(Data extracted from a collection)
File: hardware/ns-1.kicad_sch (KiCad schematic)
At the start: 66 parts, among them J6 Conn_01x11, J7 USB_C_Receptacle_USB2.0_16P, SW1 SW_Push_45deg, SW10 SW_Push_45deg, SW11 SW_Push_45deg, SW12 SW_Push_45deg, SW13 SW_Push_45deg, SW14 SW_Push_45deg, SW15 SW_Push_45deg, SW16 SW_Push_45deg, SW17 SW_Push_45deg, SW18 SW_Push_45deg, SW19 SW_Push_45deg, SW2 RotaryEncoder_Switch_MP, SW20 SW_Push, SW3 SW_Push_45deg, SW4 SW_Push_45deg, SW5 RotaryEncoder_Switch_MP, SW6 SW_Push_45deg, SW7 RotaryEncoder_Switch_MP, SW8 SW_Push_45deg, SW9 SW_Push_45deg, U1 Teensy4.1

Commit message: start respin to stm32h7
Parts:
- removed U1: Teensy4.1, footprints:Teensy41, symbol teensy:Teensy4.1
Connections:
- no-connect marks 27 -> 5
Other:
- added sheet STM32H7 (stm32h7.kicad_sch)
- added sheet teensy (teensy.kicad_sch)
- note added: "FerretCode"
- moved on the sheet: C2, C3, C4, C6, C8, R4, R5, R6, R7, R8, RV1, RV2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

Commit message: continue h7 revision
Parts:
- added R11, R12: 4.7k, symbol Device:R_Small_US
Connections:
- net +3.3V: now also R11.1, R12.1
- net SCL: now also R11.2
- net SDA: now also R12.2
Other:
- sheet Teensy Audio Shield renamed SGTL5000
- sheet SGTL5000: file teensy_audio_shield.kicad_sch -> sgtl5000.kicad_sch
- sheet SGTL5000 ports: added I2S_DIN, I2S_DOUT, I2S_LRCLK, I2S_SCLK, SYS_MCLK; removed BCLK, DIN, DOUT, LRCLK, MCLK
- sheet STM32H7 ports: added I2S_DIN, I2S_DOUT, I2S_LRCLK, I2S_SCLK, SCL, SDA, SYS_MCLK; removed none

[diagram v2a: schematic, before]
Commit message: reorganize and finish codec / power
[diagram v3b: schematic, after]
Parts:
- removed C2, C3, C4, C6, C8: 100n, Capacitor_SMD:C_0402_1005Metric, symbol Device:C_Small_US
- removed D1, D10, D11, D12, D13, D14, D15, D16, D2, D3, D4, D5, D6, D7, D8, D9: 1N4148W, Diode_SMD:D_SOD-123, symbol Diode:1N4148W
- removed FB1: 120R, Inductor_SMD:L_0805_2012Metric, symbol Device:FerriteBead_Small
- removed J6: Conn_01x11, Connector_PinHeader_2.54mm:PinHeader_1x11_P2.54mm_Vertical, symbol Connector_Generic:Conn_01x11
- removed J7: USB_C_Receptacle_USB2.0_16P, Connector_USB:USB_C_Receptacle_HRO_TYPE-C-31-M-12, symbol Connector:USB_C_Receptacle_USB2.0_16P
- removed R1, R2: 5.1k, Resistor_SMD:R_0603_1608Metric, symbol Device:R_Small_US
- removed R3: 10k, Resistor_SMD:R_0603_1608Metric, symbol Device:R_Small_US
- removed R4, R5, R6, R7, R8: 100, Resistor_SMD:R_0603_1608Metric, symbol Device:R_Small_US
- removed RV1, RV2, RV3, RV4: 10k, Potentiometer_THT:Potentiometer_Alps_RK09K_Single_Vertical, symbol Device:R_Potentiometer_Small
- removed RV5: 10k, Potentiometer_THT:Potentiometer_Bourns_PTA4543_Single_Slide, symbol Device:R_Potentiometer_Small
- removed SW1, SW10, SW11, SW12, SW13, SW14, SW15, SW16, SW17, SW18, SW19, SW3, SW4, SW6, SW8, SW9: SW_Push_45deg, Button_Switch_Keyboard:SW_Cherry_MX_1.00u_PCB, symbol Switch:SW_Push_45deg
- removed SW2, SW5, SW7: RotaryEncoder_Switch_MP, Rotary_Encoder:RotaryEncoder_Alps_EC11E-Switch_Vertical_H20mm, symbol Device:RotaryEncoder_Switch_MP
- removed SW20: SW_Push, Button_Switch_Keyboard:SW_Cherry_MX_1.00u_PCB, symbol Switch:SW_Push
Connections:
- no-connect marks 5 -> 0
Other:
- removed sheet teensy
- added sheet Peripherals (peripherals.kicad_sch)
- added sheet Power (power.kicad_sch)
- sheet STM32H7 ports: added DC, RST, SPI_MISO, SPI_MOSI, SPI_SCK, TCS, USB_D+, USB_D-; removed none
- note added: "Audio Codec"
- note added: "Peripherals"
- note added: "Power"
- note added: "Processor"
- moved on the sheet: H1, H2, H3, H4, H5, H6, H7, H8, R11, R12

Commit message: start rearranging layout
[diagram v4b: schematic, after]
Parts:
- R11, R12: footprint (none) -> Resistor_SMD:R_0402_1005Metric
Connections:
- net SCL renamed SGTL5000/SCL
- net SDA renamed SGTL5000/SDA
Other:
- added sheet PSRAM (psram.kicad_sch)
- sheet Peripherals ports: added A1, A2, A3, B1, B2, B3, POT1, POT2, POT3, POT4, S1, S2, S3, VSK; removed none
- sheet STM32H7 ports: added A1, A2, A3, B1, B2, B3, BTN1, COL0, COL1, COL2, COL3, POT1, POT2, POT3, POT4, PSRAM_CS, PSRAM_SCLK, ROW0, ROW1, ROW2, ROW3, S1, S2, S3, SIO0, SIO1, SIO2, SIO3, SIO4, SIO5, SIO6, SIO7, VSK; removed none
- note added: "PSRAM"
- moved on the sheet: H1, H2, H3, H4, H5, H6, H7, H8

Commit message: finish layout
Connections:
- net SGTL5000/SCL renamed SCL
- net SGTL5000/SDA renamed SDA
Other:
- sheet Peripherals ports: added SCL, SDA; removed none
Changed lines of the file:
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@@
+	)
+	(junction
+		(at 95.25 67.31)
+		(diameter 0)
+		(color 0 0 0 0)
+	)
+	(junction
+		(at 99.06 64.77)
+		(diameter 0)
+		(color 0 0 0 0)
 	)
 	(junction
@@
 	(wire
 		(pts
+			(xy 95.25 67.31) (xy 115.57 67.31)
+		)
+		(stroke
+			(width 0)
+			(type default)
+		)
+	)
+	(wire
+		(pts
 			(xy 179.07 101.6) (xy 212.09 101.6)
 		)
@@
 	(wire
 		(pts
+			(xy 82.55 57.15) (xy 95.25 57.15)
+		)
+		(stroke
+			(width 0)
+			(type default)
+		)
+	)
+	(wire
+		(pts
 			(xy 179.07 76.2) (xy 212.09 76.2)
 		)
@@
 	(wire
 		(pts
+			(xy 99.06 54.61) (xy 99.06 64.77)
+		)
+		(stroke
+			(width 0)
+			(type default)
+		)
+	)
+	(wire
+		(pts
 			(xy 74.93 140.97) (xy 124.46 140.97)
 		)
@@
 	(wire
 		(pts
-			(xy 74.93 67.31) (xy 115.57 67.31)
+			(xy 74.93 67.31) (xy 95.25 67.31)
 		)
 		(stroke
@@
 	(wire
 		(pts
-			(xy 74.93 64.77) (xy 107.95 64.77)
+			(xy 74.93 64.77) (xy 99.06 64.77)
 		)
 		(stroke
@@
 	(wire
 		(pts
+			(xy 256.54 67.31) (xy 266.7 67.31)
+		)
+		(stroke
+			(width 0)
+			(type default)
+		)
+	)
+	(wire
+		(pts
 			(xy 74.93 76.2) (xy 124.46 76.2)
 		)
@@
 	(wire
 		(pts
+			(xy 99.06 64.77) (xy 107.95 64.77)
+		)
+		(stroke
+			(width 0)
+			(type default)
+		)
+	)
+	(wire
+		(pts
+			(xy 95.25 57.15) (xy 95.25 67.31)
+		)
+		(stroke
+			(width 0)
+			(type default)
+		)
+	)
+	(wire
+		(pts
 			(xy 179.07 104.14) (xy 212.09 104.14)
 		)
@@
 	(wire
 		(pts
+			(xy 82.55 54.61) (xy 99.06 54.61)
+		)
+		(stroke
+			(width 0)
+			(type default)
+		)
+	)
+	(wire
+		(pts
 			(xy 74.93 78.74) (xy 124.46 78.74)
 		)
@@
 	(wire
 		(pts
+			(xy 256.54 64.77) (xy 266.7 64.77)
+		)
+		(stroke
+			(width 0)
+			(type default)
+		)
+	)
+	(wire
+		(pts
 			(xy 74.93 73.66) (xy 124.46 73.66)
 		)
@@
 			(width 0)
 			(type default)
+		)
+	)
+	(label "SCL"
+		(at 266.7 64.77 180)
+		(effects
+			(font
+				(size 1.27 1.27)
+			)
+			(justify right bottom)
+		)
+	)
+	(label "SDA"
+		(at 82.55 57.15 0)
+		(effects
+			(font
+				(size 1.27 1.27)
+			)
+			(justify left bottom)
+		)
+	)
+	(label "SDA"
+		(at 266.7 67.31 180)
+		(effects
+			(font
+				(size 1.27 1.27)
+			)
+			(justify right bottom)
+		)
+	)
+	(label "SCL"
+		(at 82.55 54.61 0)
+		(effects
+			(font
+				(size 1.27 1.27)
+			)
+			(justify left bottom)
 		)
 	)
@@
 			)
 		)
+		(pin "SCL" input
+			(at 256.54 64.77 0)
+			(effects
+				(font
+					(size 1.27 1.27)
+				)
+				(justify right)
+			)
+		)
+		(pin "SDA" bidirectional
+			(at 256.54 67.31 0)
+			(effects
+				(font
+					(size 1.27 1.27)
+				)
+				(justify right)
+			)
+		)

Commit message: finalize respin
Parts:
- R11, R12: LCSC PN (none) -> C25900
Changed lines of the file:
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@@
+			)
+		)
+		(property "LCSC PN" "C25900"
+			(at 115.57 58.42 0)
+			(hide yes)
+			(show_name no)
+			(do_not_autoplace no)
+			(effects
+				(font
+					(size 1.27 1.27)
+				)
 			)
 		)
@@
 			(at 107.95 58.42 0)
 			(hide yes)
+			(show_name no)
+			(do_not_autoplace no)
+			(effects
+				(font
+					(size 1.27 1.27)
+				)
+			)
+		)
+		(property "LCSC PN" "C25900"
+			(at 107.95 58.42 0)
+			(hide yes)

Work item:
Look over the entries above and say how many lines contain "also"; give only the number.

Answer to this problem:
3